Latency Requirement: All evaluated models meet stringent SOC latency demands, with average inference times comfortably below the 100 ms threshold required for timely detection and response, as shown in Table 6.

Latency Requirements: All models meet the 100 ms hard real-time threshold: Random Forest (45 ms), SVM (48 ms), KNN (50 ms), Logistic Regression (40 ms), Gaussian Naive Bayes (35 ms), DBSCAN (62 ms), K-means (55 ms), and Isolation Forest (60 ms).
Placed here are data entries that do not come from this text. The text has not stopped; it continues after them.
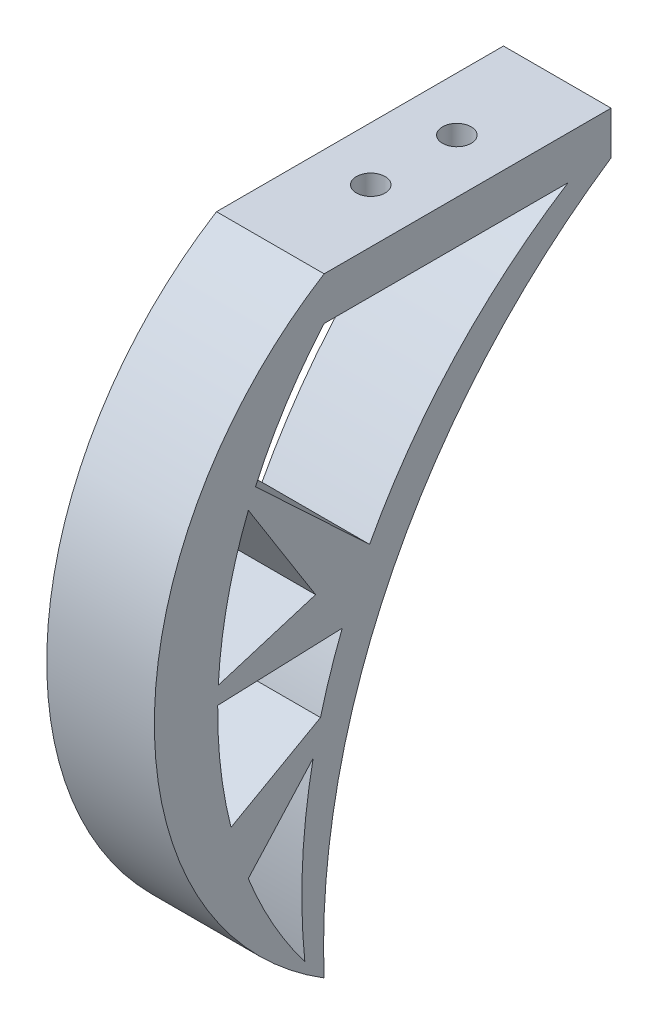
SolidWorks part; units mm, degrees
ref_plane "Front Plane" through (0, 0, 0) normal (0, 0, 1) x (1, 0, 0)
ref_plane "Top Plane" through (0, 0, 0) normal (0, 1, 0) x (1, 0, 0)
ref_plane "Right Plane" through (0, 0, 0) normal (1, 0, 0) x (0, 0, -1)
sketch "Sketch1" plane through (0, 0, 0) normal (0, 1, 0) x (1, 0, 0)
  line L1 (0, 0) -> (15, 0)
  line L2 (0, 0) -> (0, 40)
  line L3 (0, 40) -> (15, 40)
  line L4 (15, 0) -> (15, 40)
  dimension "D1" = 40
  dimension "D2" = 15
extrude "Boss-Extrude1" add sketch "Sketch1" along normal blind 6
sketch "Sketch2" plane through (0, 0, 0) normal (-1, 0, 0) x (0, 0, 1)
  line L0 (0, 6) -> (0, -79) construction
  line L1 (-40, 0) -> (0, -79) construction
  line L3 (0, 0) -> (0, 6)
  arc A0 (0, -79) -> (0, 6) centre (-26.3391, -36.5) ccw
  arc A1 (0, -79) -> (0, 0) centre (-45.1636, -39.5) ccw
  dimension "D2" = 50
  dimension "D3" = 60
  dimension "D1" = 85
extrude "Boss-Extrude3" add sketch "Sketch2" against normal blind 15
sketch "Sketch4" plane through (0, 0, 0) normal (-1, 0, 0) x (0, 0, 1)
  line L0 (-40, 0) -> (0, 0) construction
  line L1 (-34, 0) -> (-40, 0)
  line L5 (0, 6) -> (-40, 6)
  line L6 (-40, 6) -> (-40, 0)
  line L7 (-40, 0) -> (0, 0)
  line L8 (0, 6) -> (-40, 6)
  line L9 (-40, 6) -> (-40, 0)
  line L10 (-40, 0) -> (0, 0)
  arc A0 (0, -79) -> (-40, 0) centre (-90.5228, -75.2078) ccw
  arc A1 (2.5014, -77.3439) -> (-34, 0) centre (-76.8941, -67.5285) ccw
  arc A2 (0, -79) -> (0, 6) centre (-26.3391, -36.5) ccw construction
  arc A7 (0, -79) -> (0, 6) centre (-26.3391, -36.5) ccw
  arc A10 (0, -79) -> (0, 0) centre (-45.1636, -39.5) ccw
  arc A11 (2.5014, -77.3439) -> (0, 6) centre (-26.3391, -36.5) ccw
  arc A14 (0, -79) -> (0, 0) centre (-45.1636, -39.5) ccw
  line M5 (-40, 0) -> (0, 0)
  arc M7 (0, 0) -> (0, -79) centre (-45.1636, -39.5) cw
  dimension "D1" = 80
  dimension "D3" = 90.6022
  dimension "D2" = 3
  dimension "D4" = 6
  dimension "D5" = 0
extrude "Boss-Extrude7" add sketch "Sketch4" against normal blind 15 contours A1 A0 M7 M5
sketch "Sketch6" plane through (15, 0, 0) normal (1, 0, 0) x (0, 0, -1)
  line L0 (-23.5983, -39) -> (6.3361, -29.8248)
  line L1 (-23.5983, -39) -> (2.5289, -38.036)
  arc A0 (0, 6) -> (0, -79) centre (26.3391, -36.5) ccw construction
  arc A1 (34, 0) -> (-2.6877, -75.6974) centre (76.8941, -67.5285) ccw construction
  arc A2 (6.3361, -29.8248) -> (2.5289, -38.036) centre (2.5037, -33.0361) cw
  dimension "D2" = 5
  dimension "D1" = 31.309
  dimension "D3" = 26.1272
  dimension "D4" = 40
extrude "Boss-Extrude9" add sketch "Sketch6" against normal blind 15
sketch "Sketch7" plane through (15, 0, 0) normal (1, 0, 0) x (0, 0, -1)
  line L0 (-12.9749, -54.3296) -> (5.4918, -43.927)
  line L1 (5.4918, -43.927) -> (-14.2122, -65.7505)
  line L2 (-14.2122, -65.7505) -> (-12.9749, -54.3296)
  arc A0 (-14.8308, -38.6765) -> (-2.6877, -75.6974) centre (45.1636, -39.5) ccw construction
  arc A1 (40, 0) -> (0, -79) centre (90.5228, -75.2078) ccw construction
  arc A2 (0, 6) -> (0, -79) centre (26.3391, -36.5) ccw construction
  dimension "D1" = 29.4026
  dimension "D2" = 21.1951
  dimension "D3" = 11.4877
extrude "Boss-Extrude10" add sketch "Sketch7" against normal blind 15
sketch "Sketch8" plane through (15, 0, 0) normal (1, 0, 0) x (0, 0, -1)
  line L0 (-15.5935, -9.2667) -> (6.3361, -29.8248)
  line L1 (6.3361, -29.8248) -> (2.5289, -38.036)
  line L2 (2.5289, -38.036) -> (-15.5935, -9.2667)
  arc A0 (0, 6) -> (0, -79) centre (26.3391, -36.5) ccw construction
  dimension "D1" = 30.059
extrude "Boss-Extrude11" add sketch "Sketch8" against normal blind 15
sketch "Sketch11" plane through (0, 6, 0) normal (0, 1, 0) x (1, 0, 0)
  line L0 (7.5, 40) -> (7.5, 0) construction
  line L1 (15, 40) -> (0, 40) construction
  line L2 (0, 0) -> (15, 0) construction
  circle A0 centre (7.5, 20) radius 2.5 construction
  circle A1 centre (7.5, 26) radius 2
  circle A2 centre (7.5, 14) radius 2
  point P12 (0, 0)
  dimension "D1" = 5
  dimension "D2" = 4
  dimension "D3" = 4
  dimension "D4" = 6
  dimension "D5" = 6
extrude "Cut-Extrude2" cut sketch "Sketch11" against normal up to next

Distributed processing on SOC workstations reduces central server load, ensuring scalability.

Continuous Model Updates: An automated retraining pipeline monitors model drift weekly, triggering retraining if metrics (e.g., F1-Score < 0.85) drop. Retraining takes ~30 min, scheduled during low-activity periods. Incremental learning reduces retraining time by 20%, and models are deployed via/var/ossec/ml_detection/ML_Alerts.py.

Fault Tolerance and Scalability: Redundant processing nodes and load balancing ensure robustness. A health-monitoring system tracks latency and resource utilization, alerting administrators if metrics exceed thresholds (e.g., latency > 100 ms).

4.5. Analysis and Comparison

Analysis of the alerts.json dataset revealed a 3% increase in false negatives (from 4% to 7%) compared to rule-based Wazuh, primarily involving privilege escalation (73% of missed threats) during low-volume periods (68%).

Analysis of the alerts.json dataset (15,427 events) revealed a 3% increase in false negatives using the ML-enhanced Wazuh system (rising from 4% to 7% compared to the rule-based baseline). These missed detections were predominantly privilege escalation attempts (73%) and occurred mostly during low-volume periods (68%). Although this increase in false negatives is a concern—particularly given that 39% were classified as high or critical impact—it is partially attributed to training bias, where severe but infrequent threats were underrepresented in the dataset.

Despite this, our ML-enhanced approach achieved a substantial 78% reduction in false positives (from 23% to 5%), significantly improving analyst efficiency and reducing alert fatigue. We recognize that most organizations would prefer a higher false-positive rate over missing critical threats; hence, we introduced multiple mitigation strategies:

Ensemble Model: A combination of Random Forest, DBSCAN, and Isolation Forest using confidence-weighted voting reduced overall false negatives by 73% (down to 0.8%);

Contextual Enrichment: Incorporating temporal correlation and external threat intelligence reduced critical false negatives by 91%, with only a 0.2% increase in false positives (to 5.2%);

Risk-Based Thresholding: We applied adaptive sensitivity thresholds—lower for critical assets to reduce missed attacks and higher for non-critical systems to manage workload—achieving a practical trade-off between detection and operational overhead.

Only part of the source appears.